_What to work on_
Only one stretch of the data below is wanted: the lines from the one with "#86=CARTESIAN_POINT('',(6.72,-10.,4.));" through the one with "#97=DIRECTION('',(-1.,0.,0.));", repeated exactly.

┄┄┄┄┄┄┄┄┄┄

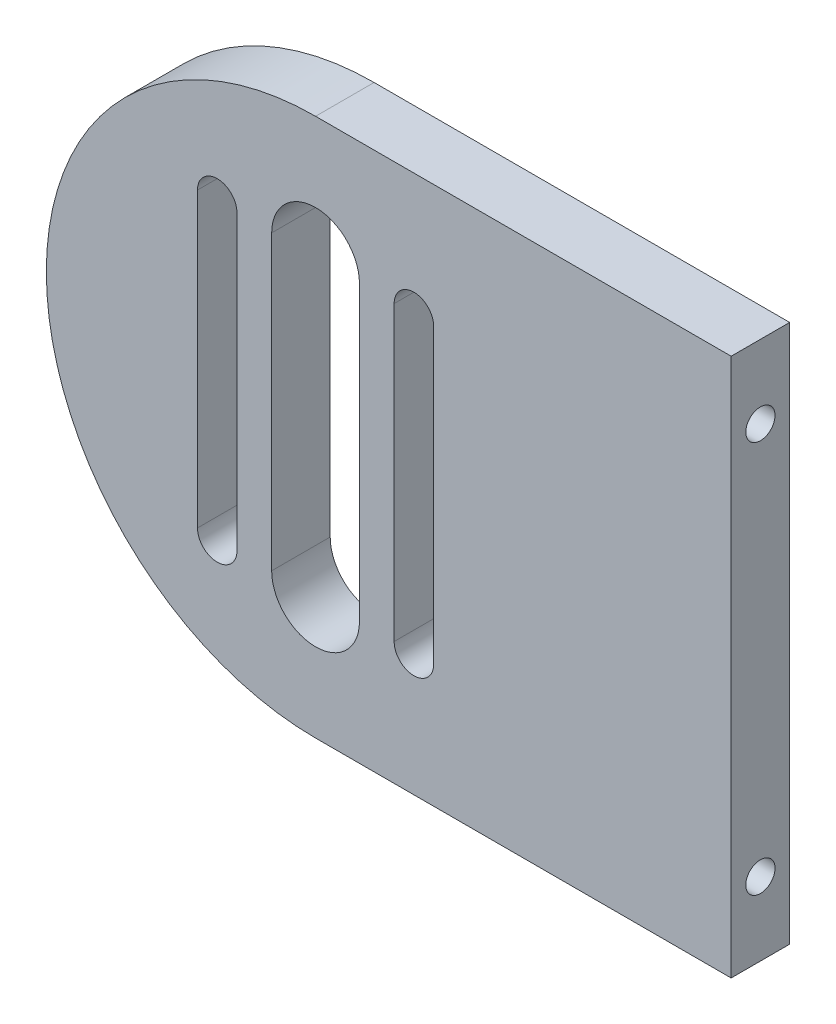
ISO-10303-21;
HEADER;
FILE_DESCRIPTION(('STEP AP214'),'2;1');
FILE_NAME('part.step','',(''),(''),'','','');
FILE_SCHEMA(('AUTOMOTIVE_DESIGN { 1 0 10303 214 1 1 1 1 }'));
ENDSEC;
DATA;
#1=APPLICATION_CONTEXT('core data for automotive mechanical design processes');
#2=APPLICATION_PROTOCOL_DEFINITION('international standard','automotive_design',2000,#1);
#3=PRODUCT_CONTEXT('',#1,'mechanical');
#4=PRODUCT('Part','Part','',(#3));
#5=PRODUCT_RELATED_PRODUCT_CATEGORY('part','',(#4));
#6=PRODUCT_DEFINITION_FORMATION('','',#4);
#7=PRODUCT_DEFINITION_CONTEXT('part definition',#1,'design');
#8=PRODUCT_DEFINITION('design','',#6,#7);
#9=PRODUCT_DEFINITION_SHAPE('','',#8);
#10=(LENGTH_UNIT() NAMED_UNIT(*) SI_UNIT(.MILLI.,.METRE.));
#11=(NAMED_UNIT(*) PLANE_ANGLE_UNIT() SI_UNIT($,.RADIAN.));
#12=(NAMED_UNIT(*) SI_UNIT($,.STERADIAN.) SOLID_ANGLE_UNIT());
#13=UNCERTAINTY_MEASURE_WITH_UNIT(LENGTH_MEASURE(1.E-05),#10,'distance_accuracy_value','');
#14=(GEOMETRIC_REPRESENTATION_CONTEXT(3) GLOBAL_UNCERTAINTY_ASSIGNED_CONTEXT((#13)) GLOBAL_UNIT_ASSIGNED_CONTEXT((#10,
#11,#12)) REPRESENTATION_CONTEXT('',''));
#15=CARTESIAN_POINT('',(0.,0.,0.));
#16=DIRECTION('',(0.,0.,1.));
#17=DIRECTION('',(1.,0.,0.));
#18=AXIS2_PLACEMENT_3D('',#15,#16,#17);
#19=CARTESIAN_POINT('',(0.,0.,4.));
#20=DIRECTION('',(0.,0.,1.));
#21=DIRECTION('',(1.,0.,0.));
#22=AXIS2_PLACEMENT_3D('',#19,#20,#21);
#23=PLANE('',#22);
#24=CARTESIAN_POINT('',(0.,0.,4.));
#25=DIRECTION('',(0.,0.,1.));
#26=DIRECTION('',(1.,0.,0.));
#27=AXIS2_PLACEMENT_3D('',#24,#25,#26);
#28=CIRCLE('',#27,18.4);
#29=CARTESIAN_POINT('',(0.,18.4,4.));
#30=VERTEX_POINT('',#29);
#31=CARTESIAN_POINT('',(0.,-18.4,4.));
#32=VERTEX_POINT('',#31);
#33=EDGE_CURVE('E242',#30,#32,#28,.T.);
#34=ORIENTED_EDGE('',*,*,#33,.T.);
#35=DIRECTION('',(1.,0.,0.));
#36=VECTOR('',#35,1.);
#37=CARTESIAN_POINT('',(28.4,-18.4,4.));
#38=LINE('',#37,#36);
#39=CARTESIAN_POINT('',(28.4,-18.4,4.));
#40=VERTEX_POINT('',#39);
#41=EDGE_CURVE('E245',#32,#40,#38,.T.);
#42=ORIENTED_EDGE('',*,*,#41,.T.);
#43=DIRECTION('',(0.,1.,0.));
#44=VECTOR('',#43,1.);
#45=CARTESIAN_POINT('',(28.4,0.,4.));
#46=LINE('',#45,#44);
#47=CARTESIAN_POINT('',(28.4,18.4,4.));
#48=VERTEX_POINT('',#47);
#49=EDGE_CURVE('E248',#40,#48,#46,.T.);
#50=ORIENTED_EDGE('',*,*,#49,.T.);
#51=DIRECTION('',(-1.,0.,0.));
#52=VECTOR('',#51,1.);
#53=CARTESIAN_POINT('',(28.4,18.4,4.));
#54=LINE('',#53,#52);
#55=EDGE_CURVE('E250',#48,#30,#54,.T.);
#56=ORIENTED_EDGE('',*,*,#55,.T.);
#57=EDGE_LOOP('',(#34,#42,#50,#56));
#58=FACE_BOUND('',#57,.T.);
#59=DIRECTION('',(0.,-1.,0.));
#60=VECTOR('',#59,1.);
#61=CARTESIAN_POINT('',(5.37,0.,4.));
#62=LINE('',#61,#60);
#63=CARTESIAN_POINT('',(5.37,10.,4.));
#64=VERTEX_POINT('',#63);
#65=CARTESIAN_POINT('',(5.37,-10.,4.));
#66=VERTEX_POINT('',#65);
#67=EDGE_CURVE('E213',#64,#66,#62,.T.);
#68=ORIENTED_EDGE('',*,*,#67,.F.);
#69=CARTESIAN_POINT('',(6.72,10.,4.));
#70=DIRECTION('',(0.,0.,1.));
#71=DIRECTION('',(-1.,0.,0.));
#72=AXIS2_PLACEMENT_3D('',#69,#70,#71);
#73=CIRCLE('',#72,1.35);
#74=CARTESIAN_POINT('',(8.07,10.,4.));
#75=VERTEX_POINT('',#74);
#76=EDGE_CURVE('E211',#75,#64,#73,.T.);
#77=ORIENTED_EDGE('',*,*,#76,.F.);
#78=DIRECTION('',(0.,1.,0.));
#79=VECTOR('',#78,1.);
#80=CARTESIAN_POINT('',(8.07,10.,4.));
#81=LINE('',#80,#79);
#82=CARTESIAN_POINT('',(8.07,-10.,4.));
#83=VERTEX_POINT('',#82);
#84=EDGE_CURVE('E219',#83,#75,#81,.T.);
#85=ORIENTED_EDGE('',*,*,#84,.F.);
#86=CARTESIAN_POINT('',(6.72,-10.,4.));
#87=DIRECTION('',(0.,0.,1.));
#88=DIRECTION('',(1.,0.,0.));
#89=AXIS2_PLACEMENT_3D('',#86,#87,#88);
#90=CIRCLE('',#89,1.35);
#91=EDGE_CURVE('E216',#66,#83,#90,.T.);
#92=ORIENTED_EDGE('',*,*,#91,.F.);
#93=EDGE_LOOP('',(#68,#77,#85,#92));
#94=FACE_BOUND('',#93,.T.);
#95=CARTESIAN_POINT('',(0.,10.,4.));
#96=DIRECTION('',(0.,0.,1.));
#97=DIRECTION('',(-1.,0.,0.));
#98=AXIS2_PLACEMENT_3D('',#95,#96,#97);
#99=CIRCLE('',#98,3.);
#100=CARTESIAN_POINT('',(3.,10.,4.));
#101=VERTEX_POINT('',#100);
#102=CARTESIAN_POINT('',(-3.,10.,4.));
#103=VERTEX_POINT('',#102);
#104=EDGE_CURVE('E183',#101,#103,#99,.T.);
#105=ORIENTED_EDGE('',*,*,#104,.F.);
#106=DIRECTION('',(0.,1.,0.));
#107=VECTOR('',#106,1.);
#108=CARTESIAN_POINT('',(3.,0.,4.));
#109=LINE('',#108,#107);
#110=CARTESIAN_POINT('',(3.,-10.,4.));
#111=VERTEX_POINT('',#110);
#112=EDGE_CURVE('E181',#111,#101,#109,.T.);
#113=ORIENTED_EDGE('',*,*,#112,.F.);
#114=CARTESIAN_POINT('',(0.,-10.,4.));
#115=DIRECTION('',(0.,0.,1.));
#116=DIRECTION('',(1.,0.,0.));
#117=AXIS2_PLACEMENT_3D('',#114,#115,#116);
#118=CIRCLE('',#117,3.);
#119=CARTESIAN_POINT('',(-3.,-10.,4.));
#120=VERTEX_POINT('',#119);
#121=EDGE_CURVE('E189',#120,#111,#118,.T.);
#122=ORIENTED_EDGE('',*,*,#121,.F.);
#123=DIRECTION('',(0.,-1.,0.));
#124=VECTOR('',#123,1.);
#125=CARTESIAN_POINT('',(-3.,0.,4.));
#126=LINE('',#125,#124);
#127=EDGE_CURVE('E186',#103,#120,#126,.T.);
#128=ORIENTED_EDGE('',*,*,#127,.F.);
#129=EDGE_LOOP('',(#105,#113,#122,#128));
#130=FACE_BOUND('',#129,.T.);
#131=DIRECTION('',(0.,-1.,0.));
#132=VECTOR('',#131,1.);
#133=CARTESIAN_POINT('',(-8.07,10.,4.));
#134=LINE('',#133,#132);
#135=CARTESIAN_POINT('',(-8.07,10.,4.));
#136=VERTEX_POINT('',#135);
#137=CARTESIAN_POINT('',(-8.07,-10.,4.));
#138=VERTEX_POINT('',#137);
#139=EDGE_CURVE('E161',#136,#138,#134,.T.);
#140=ORIENTED_EDGE('',*,*,#139,.F.);
#141=CARTESIAN_POINT('',(-6.72,10.,4.));
#142=DIRECTION('',(0.,0.,1.));
#143=DIRECTION('',(1.,0.,0.));
#144=AXIS2_PLACEMENT_3D('',#141,#142,#143);
#145=CIRCLE('',#144,1.35);
#146=CARTESIAN_POINT('',(-5.37,10.,4.));
#147=VERTEX_POINT('',#146);
#148=EDGE_CURVE('E148',#147,#136,#145,.T.);
#149=ORIENTED_EDGE('',*,*,#148,.F.);
#150=DIRECTION('',(0.,1.,0.));
#151=VECTOR('',#150,1.);
#152=CARTESIAN_POINT('',(-5.37,0.,4.));
#153=LINE('',#152,#151);
#154=CARTESIAN_POINT('',(-5.37,-10.,4.));
#155=VERTEX_POINT('',#154);
#156=EDGE_CURVE('E143',#155,#147,#153,.T.);
#157=ORIENTED_EDGE('',*,*,#156,.F.);
#158=CARTESIAN_POINT('',(-6.72,-10.,4.));
#159=DIRECTION('',(0.,0.,1.));
#160=DIRECTION('',(-1.,0.,0.));
#161=AXIS2_PLACEMENT_3D('',#158,#159,#160);
#162=CIRCLE('',#161,1.35);
#163=EDGE_CURVE('E163',#138,#155,#162,.T.);
#164=ORIENTED_EDGE('',*,*,#163,.F.);
#165=EDGE_LOOP('',(#140,#149,#157,#164));
#166=FACE_BOUND('',#165,.T.);
#167=ADVANCED_FACE('F33',(#58,#94,#130,#166),#23,.T.);
#168=CARTESIAN_POINT('',(0.,0.,0.));
#169=DIRECTION('',(0.,0.,1.));
#170=DIRECTION('',(1.,0.,0.));
#171=AXIS2_PLACEMENT_3D('',#168,#169,#170);
#172=PLANE('',#171);
#173=DIRECTION('',(0.,1.,0.));
#174=VECTOR('',#173,1.);
#175=CARTESIAN_POINT('',(3.,0.,0.));
#176=LINE('',#175,#174);
#177=CARTESIAN_POINT('',(3.,-10.,0.));
#178=VERTEX_POINT('',#177);
#179=CARTESIAN_POINT('',(3.,10.,0.));
#180=VERTEX_POINT('',#179);
#181=EDGE_CURVE('E157',#178,#180,#176,.T.);
#182=ORIENTED_EDGE('',*,*,#181,.T.);
#183=CARTESIAN_POINT('',(0.,10.,0.));
#184=DIRECTION('',(0.,0.,1.));
#185=DIRECTION('',(-1.,0.,0.));
#186=AXIS2_PLACEMENT_3D('',#183,#184,#185);
#187=CIRCLE('',#186,3.);
#188=CARTESIAN_POINT('',(-3.,10.,0.));
#189=VERTEX_POINT('',#188);
#190=EDGE_CURVE('E194',#180,#189,#187,.T.);
#191=ORIENTED_EDGE('',*,*,#190,.T.);
#192=DIRECTION('',(0.,-1.,0.));
#193=VECTOR('',#192,1.);
#194=CARTESIAN_POINT('',(-3.,0.,0.));
#195=LINE('',#194,#193);
#196=CARTESIAN_POINT('',(-3.,-10.,0.));
#197=VERTEX_POINT('',#196);
#198=EDGE_CURVE('E197',#189,#197,#195,.T.);
#199=ORIENTED_EDGE('',*,*,#198,.T.);
#200=CARTESIAN_POINT('',(0.,-10.,0.));
#201=DIRECTION('',(0.,0.,1.));
#202=DIRECTION('',(1.,0.,0.));
#203=AXIS2_PLACEMENT_3D('',#200,#201,#202);
#204=CIRCLE('',#203,3.);
#205=EDGE_CURVE('E184',#197,#178,#204,.T.);
#206=ORIENTED_EDGE('',*,*,#205,.T.);
#207=EDGE_LOOP('',(#182,#191,#199,#206));
#208=FACE_BOUND('',#207,.T.);
#209=CARTESIAN_POINT('',(0.,0.,0.));
#210=DIRECTION('',(0.,0.,1.));
#211=DIRECTION('',(1.,0.,0.));
#212=AXIS2_PLACEMENT_3D('',#209,#210,#211);
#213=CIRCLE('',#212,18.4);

┄┄┄┄┄┄┄┄┄┄

_Response_
#86=CARTESIAN_POINT('',(6.72,-10.,4.));
#87=DIRECTION('',(0.,0.,1.));
#88=DIRECTION('',(1.,0.,0.));
#89=AXIS2_PLACEMENT_3D('',#86,#87,#88);
#90=CIRCLE('',#89,1.35);
#91=EDGE_CURVE('E216',#66,#83,#90,.T.);
#92=ORIENTED_EDGE('',*,*,#91,.F.);
#93=EDGE_LOOP('',(#68,#77,#85,#92));
#94=FACE_BOUND('',#93,.T.);
#95=CARTESIAN_POINT('',(0.,10.,4.));
#96=DIRECTION('',(0.,0.,1.));
#97=DIRECTION('',(-1.,0.,0.));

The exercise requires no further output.